● **Activity**:
Range to output from the entries below: the line containing "[ZONEINFILTRATION:DESIGNFLOWRATE]" through the line containing "[HVACTEMPLATE:ZONE:IDEALLOADSAIRSYSTEM]". Set it down exactly, ends included, nothing else.

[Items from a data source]

= = =

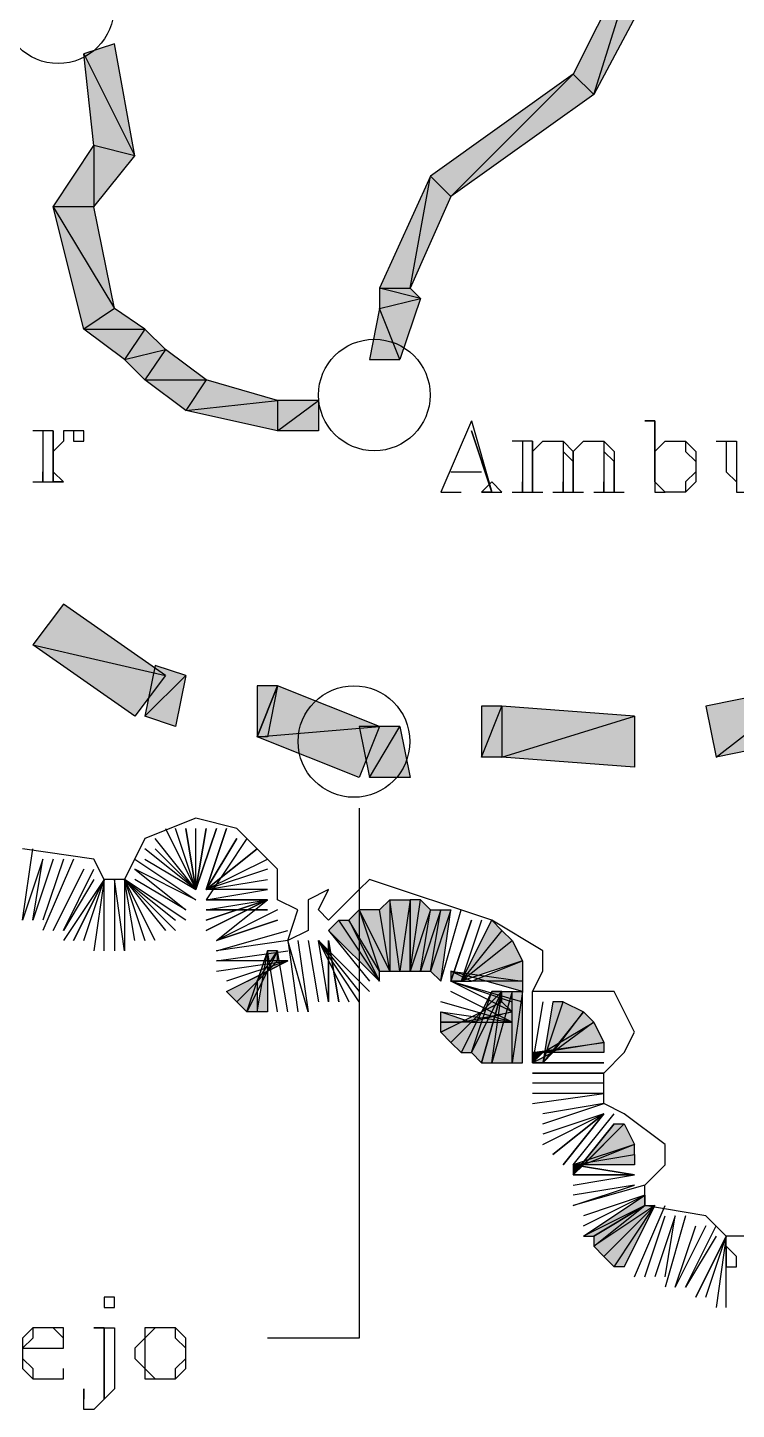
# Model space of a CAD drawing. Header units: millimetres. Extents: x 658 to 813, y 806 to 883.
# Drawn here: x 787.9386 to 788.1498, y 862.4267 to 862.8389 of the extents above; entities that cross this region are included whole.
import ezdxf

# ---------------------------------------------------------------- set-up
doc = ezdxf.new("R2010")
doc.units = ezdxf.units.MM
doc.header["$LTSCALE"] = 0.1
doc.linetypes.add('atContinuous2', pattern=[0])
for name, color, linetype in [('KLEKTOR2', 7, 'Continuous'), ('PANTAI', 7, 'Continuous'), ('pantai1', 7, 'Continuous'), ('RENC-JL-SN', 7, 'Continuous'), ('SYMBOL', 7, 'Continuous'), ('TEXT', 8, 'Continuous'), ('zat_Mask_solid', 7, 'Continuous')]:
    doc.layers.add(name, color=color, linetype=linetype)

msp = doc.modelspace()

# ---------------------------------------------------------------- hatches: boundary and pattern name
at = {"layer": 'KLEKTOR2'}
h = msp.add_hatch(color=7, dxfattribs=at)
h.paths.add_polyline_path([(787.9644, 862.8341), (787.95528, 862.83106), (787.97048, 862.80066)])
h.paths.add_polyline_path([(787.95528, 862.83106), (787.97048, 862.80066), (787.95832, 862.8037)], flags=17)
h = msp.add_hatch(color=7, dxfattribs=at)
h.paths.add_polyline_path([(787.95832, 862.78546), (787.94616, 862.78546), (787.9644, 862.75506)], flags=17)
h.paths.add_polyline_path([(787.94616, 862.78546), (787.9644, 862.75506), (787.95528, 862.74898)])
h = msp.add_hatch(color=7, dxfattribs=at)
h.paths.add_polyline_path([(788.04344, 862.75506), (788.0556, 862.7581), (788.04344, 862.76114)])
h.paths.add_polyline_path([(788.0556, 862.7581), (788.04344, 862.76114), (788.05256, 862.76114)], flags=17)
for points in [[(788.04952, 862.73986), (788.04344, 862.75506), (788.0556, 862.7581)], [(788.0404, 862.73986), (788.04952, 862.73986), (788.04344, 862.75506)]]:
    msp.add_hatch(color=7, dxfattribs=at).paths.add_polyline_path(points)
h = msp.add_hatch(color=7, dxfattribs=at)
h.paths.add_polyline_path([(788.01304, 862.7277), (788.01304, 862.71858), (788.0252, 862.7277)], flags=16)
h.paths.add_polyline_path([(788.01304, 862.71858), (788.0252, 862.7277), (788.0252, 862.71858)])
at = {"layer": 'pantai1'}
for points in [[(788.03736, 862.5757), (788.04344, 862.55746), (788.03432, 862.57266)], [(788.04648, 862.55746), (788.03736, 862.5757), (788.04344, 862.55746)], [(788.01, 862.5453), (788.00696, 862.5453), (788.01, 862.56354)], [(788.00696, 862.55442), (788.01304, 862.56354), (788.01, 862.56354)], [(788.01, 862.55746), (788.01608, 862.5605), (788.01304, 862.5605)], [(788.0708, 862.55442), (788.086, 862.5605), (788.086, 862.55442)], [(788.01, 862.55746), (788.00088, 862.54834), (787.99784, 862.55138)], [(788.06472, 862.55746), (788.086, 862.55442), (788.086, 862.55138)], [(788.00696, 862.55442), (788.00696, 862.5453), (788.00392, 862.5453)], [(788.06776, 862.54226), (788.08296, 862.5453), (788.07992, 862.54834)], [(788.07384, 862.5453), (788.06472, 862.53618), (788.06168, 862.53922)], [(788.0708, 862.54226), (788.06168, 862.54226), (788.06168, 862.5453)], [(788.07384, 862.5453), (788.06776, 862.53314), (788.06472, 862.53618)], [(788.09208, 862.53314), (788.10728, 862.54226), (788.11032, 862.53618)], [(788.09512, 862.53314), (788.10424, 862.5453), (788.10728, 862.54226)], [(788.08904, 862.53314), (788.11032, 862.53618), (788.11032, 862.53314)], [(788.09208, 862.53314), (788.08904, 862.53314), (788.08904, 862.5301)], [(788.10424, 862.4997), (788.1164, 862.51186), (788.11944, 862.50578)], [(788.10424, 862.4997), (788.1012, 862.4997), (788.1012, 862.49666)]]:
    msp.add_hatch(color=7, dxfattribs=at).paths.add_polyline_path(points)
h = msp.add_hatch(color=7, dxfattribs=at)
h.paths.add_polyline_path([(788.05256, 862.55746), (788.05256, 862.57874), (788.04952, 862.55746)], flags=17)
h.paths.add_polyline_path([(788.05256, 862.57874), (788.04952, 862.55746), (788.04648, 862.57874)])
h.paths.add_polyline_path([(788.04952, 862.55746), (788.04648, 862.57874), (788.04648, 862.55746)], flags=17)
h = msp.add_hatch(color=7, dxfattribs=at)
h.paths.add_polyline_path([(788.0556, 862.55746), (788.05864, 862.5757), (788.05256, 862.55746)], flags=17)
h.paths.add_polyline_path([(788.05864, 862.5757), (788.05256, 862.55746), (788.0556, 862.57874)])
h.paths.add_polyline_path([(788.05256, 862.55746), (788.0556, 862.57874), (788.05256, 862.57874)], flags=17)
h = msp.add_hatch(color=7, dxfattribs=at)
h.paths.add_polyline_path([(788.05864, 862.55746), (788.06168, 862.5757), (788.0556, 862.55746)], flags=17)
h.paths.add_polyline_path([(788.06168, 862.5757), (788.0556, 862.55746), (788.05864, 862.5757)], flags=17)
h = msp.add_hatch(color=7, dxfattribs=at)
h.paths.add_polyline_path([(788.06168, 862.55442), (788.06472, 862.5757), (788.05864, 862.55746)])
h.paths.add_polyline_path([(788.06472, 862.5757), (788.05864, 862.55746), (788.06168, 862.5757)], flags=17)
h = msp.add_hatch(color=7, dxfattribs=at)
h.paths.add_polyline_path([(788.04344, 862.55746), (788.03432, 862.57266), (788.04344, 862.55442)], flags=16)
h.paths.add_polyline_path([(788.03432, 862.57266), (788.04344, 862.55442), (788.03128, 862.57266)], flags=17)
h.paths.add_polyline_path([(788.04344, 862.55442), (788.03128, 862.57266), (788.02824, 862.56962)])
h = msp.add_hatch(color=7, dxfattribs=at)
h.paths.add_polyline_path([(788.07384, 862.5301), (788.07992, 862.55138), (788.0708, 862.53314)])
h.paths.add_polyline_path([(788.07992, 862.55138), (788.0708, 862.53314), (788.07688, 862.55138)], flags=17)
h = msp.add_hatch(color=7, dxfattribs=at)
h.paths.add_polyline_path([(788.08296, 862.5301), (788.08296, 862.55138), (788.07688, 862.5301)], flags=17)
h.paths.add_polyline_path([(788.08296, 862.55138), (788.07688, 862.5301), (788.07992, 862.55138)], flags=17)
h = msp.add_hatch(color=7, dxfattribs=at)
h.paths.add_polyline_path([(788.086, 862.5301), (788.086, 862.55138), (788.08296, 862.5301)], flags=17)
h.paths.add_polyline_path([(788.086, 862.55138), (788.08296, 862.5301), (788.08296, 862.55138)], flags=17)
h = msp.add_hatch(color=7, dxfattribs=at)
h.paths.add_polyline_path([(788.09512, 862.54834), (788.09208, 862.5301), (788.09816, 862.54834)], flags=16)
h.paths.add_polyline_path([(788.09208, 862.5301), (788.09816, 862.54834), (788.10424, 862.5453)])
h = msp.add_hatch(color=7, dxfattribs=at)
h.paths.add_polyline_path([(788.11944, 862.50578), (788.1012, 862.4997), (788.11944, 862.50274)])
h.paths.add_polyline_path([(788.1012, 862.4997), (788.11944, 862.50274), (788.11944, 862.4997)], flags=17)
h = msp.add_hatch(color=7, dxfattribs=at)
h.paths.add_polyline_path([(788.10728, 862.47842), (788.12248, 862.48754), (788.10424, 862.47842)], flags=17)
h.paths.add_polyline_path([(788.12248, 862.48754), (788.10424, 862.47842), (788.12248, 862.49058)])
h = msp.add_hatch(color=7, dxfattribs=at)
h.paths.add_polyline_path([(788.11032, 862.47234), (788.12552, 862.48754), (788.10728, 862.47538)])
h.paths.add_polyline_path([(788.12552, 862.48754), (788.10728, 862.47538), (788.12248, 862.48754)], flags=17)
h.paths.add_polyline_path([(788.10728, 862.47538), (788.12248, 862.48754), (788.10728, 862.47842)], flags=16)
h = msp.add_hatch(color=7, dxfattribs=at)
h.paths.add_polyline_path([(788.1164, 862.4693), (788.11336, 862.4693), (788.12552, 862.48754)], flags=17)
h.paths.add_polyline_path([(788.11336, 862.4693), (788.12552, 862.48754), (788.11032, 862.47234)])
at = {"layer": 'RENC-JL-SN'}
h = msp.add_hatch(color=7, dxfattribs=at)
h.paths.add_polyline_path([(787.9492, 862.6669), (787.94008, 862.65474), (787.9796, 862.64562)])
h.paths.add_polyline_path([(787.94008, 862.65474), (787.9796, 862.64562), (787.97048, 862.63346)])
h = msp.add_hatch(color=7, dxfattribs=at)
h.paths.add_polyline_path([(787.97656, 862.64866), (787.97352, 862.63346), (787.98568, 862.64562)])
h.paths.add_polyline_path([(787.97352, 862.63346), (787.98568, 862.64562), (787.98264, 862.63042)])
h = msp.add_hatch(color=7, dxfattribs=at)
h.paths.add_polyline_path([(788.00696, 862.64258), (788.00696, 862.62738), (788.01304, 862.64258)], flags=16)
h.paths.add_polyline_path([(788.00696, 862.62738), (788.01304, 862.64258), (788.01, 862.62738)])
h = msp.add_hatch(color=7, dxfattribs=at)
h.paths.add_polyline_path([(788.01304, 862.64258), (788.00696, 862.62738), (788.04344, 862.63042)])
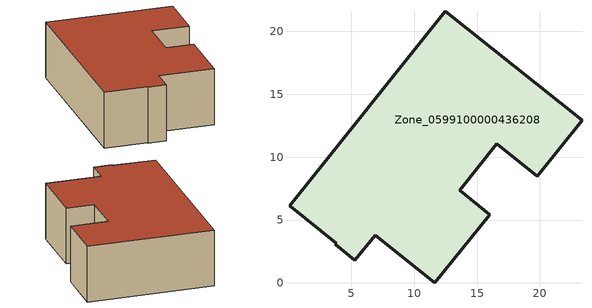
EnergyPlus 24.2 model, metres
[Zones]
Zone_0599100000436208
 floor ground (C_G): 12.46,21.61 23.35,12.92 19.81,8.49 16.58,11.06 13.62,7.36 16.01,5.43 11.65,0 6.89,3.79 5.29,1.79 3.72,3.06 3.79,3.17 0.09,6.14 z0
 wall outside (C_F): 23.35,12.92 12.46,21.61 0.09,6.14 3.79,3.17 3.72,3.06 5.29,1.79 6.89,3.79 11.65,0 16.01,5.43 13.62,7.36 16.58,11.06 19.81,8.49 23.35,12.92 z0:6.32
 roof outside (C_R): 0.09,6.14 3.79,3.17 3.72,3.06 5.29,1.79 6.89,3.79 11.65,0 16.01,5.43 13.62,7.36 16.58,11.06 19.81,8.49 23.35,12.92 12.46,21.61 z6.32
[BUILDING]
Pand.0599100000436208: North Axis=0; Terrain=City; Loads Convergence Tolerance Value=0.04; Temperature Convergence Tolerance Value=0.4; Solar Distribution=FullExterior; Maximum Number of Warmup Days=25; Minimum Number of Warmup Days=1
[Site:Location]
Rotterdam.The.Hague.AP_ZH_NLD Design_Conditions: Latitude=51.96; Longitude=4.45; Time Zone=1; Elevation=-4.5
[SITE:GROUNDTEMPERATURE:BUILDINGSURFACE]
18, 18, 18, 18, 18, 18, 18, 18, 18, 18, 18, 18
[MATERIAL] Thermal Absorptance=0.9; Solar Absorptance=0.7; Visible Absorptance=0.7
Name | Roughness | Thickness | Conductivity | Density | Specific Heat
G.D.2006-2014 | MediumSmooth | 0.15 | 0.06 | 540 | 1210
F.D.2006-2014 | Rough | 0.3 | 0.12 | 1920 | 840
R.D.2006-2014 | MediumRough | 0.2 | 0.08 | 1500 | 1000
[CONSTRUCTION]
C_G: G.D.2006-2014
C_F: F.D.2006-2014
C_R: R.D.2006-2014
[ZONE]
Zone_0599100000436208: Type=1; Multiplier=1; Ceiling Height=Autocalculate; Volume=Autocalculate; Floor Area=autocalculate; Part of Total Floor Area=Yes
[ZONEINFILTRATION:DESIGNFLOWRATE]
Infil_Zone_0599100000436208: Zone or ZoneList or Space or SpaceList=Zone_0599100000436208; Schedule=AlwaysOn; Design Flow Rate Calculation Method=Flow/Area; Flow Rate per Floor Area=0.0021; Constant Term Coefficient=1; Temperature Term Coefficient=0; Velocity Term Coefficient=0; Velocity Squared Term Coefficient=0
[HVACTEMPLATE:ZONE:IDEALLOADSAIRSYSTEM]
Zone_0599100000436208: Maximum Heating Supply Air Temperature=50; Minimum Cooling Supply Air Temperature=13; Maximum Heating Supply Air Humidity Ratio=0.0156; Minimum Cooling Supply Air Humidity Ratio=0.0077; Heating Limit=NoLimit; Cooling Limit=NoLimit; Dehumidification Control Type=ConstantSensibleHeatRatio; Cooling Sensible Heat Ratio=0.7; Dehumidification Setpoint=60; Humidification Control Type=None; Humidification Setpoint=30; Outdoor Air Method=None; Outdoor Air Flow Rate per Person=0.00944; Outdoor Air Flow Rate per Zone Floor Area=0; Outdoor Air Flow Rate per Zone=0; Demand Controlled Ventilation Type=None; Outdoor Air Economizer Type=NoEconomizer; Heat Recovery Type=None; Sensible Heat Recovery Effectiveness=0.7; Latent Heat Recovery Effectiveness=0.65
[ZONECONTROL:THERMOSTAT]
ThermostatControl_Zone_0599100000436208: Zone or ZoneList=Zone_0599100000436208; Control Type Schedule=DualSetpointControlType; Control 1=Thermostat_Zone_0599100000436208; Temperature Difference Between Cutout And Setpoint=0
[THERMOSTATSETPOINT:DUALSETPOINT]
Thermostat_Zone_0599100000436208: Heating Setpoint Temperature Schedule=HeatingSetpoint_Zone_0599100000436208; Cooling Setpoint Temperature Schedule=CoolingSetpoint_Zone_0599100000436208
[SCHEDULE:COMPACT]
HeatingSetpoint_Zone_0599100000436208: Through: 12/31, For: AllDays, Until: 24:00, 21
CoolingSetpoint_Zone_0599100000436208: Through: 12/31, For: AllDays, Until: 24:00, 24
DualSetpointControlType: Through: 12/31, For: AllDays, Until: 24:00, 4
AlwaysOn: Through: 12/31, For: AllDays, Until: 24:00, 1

= = =

● **Output of the task**:
[ZONEINFILTRATION:DESIGNFLOWRATE]
Infil_Zone_0599100000436208: Zone or ZoneList or Space or SpaceList=Zone_0599100000436208; Schedule=AlwaysOn; Design Flow Rate Calculation Method=Flow/Area; Flow Rate per Floor Area=0.0021; Constant Term Coefficient=1; Temperature Term Coefficient=0; Velocity Term Coefficient=0; Velocity Squared Term Coefficient=0
[HVACTEMPLATE:ZONE:IDEALLOADSAIRSYSTEM]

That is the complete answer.